▶ **Work instruction**: Report each line of the data that contains the string "part".

▶ **Data for analysis**:
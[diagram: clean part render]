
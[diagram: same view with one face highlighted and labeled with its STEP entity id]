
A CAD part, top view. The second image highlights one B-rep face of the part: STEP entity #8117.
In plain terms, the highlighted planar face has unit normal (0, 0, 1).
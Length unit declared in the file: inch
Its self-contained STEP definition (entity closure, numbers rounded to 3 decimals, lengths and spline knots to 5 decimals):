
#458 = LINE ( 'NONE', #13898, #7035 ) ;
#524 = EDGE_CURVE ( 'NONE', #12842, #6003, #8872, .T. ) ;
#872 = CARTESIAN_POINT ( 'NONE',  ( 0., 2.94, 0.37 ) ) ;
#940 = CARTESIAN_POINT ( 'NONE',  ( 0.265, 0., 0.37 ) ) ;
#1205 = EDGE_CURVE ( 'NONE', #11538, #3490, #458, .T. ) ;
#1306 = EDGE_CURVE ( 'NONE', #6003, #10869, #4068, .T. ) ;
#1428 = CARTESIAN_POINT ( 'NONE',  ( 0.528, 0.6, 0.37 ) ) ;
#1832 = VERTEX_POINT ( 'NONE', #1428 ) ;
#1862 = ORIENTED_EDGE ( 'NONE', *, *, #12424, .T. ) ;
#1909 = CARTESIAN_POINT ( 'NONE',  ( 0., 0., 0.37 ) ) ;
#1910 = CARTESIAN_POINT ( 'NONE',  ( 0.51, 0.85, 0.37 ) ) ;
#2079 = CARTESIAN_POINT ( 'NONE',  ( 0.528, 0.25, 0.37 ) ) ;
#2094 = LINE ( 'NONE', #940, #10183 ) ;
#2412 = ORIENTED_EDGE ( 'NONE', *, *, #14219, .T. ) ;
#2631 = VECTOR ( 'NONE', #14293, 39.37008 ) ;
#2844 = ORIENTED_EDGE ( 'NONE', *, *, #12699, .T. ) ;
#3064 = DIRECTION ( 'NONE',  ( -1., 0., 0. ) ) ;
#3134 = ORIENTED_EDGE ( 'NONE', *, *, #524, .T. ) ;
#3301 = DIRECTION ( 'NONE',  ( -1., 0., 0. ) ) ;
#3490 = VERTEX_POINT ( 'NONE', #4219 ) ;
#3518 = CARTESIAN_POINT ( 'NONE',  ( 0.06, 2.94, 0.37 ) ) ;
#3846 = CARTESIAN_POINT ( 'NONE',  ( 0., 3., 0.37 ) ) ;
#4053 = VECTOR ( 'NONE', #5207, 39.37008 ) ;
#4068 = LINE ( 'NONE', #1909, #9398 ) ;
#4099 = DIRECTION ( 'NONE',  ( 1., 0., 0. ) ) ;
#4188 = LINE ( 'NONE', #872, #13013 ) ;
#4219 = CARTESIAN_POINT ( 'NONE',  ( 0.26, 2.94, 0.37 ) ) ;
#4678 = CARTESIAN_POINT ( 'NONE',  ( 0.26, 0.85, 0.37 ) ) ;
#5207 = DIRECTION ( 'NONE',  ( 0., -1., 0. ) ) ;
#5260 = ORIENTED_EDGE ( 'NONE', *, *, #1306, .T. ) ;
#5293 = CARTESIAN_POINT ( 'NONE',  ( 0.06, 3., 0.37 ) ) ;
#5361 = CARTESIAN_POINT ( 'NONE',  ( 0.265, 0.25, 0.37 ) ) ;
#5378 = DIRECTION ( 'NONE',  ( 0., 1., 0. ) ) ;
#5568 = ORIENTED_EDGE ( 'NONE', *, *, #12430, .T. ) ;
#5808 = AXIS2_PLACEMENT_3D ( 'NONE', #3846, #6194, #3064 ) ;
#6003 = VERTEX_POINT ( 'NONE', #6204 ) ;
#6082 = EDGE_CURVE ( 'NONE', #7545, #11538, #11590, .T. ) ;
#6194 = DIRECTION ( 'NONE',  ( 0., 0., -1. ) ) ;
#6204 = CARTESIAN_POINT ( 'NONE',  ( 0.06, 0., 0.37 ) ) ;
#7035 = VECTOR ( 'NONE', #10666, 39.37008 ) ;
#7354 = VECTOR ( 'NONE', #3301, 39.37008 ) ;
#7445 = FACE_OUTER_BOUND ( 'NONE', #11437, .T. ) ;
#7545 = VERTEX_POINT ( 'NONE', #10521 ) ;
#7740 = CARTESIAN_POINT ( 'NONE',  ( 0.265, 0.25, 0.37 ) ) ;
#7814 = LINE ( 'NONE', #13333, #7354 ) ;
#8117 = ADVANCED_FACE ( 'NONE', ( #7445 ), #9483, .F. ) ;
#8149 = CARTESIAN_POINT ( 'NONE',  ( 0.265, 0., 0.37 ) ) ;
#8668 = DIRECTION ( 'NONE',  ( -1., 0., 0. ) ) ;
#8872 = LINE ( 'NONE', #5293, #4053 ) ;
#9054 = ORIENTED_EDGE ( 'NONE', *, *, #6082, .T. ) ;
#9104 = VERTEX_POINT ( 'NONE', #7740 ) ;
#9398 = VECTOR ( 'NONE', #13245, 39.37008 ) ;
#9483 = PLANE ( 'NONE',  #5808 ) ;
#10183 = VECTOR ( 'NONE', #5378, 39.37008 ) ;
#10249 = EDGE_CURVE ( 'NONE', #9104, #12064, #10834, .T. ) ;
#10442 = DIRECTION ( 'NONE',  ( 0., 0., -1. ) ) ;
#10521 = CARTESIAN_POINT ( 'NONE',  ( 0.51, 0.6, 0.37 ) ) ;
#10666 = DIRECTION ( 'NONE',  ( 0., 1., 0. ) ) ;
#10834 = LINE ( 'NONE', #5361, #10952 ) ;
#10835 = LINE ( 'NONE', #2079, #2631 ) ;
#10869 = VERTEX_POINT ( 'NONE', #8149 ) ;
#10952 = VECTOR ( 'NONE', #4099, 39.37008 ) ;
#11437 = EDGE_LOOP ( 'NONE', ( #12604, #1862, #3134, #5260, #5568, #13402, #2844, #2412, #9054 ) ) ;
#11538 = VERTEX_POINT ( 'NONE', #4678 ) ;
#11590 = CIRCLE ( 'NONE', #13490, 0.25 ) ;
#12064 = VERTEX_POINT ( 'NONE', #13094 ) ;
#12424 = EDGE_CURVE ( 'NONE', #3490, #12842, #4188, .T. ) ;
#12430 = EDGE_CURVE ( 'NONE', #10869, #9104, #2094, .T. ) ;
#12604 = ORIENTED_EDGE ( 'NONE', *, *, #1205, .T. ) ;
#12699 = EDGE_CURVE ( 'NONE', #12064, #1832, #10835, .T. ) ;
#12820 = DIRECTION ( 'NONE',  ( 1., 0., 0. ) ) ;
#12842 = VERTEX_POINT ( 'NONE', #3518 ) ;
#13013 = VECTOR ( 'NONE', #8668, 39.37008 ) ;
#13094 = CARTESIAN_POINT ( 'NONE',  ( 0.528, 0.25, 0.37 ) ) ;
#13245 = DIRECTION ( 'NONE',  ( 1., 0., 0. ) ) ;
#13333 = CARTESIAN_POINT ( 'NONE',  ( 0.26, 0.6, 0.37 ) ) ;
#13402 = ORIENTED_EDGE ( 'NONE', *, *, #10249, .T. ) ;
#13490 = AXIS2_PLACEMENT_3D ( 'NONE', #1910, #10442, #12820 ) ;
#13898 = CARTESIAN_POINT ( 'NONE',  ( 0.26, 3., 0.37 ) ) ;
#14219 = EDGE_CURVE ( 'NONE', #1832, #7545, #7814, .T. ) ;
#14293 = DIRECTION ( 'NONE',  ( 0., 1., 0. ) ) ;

▶ **Your solution**:
[diagram: clean part render]
A CAD part, top view. The second image highlights one B-rep face of the part: STEP entity #8117.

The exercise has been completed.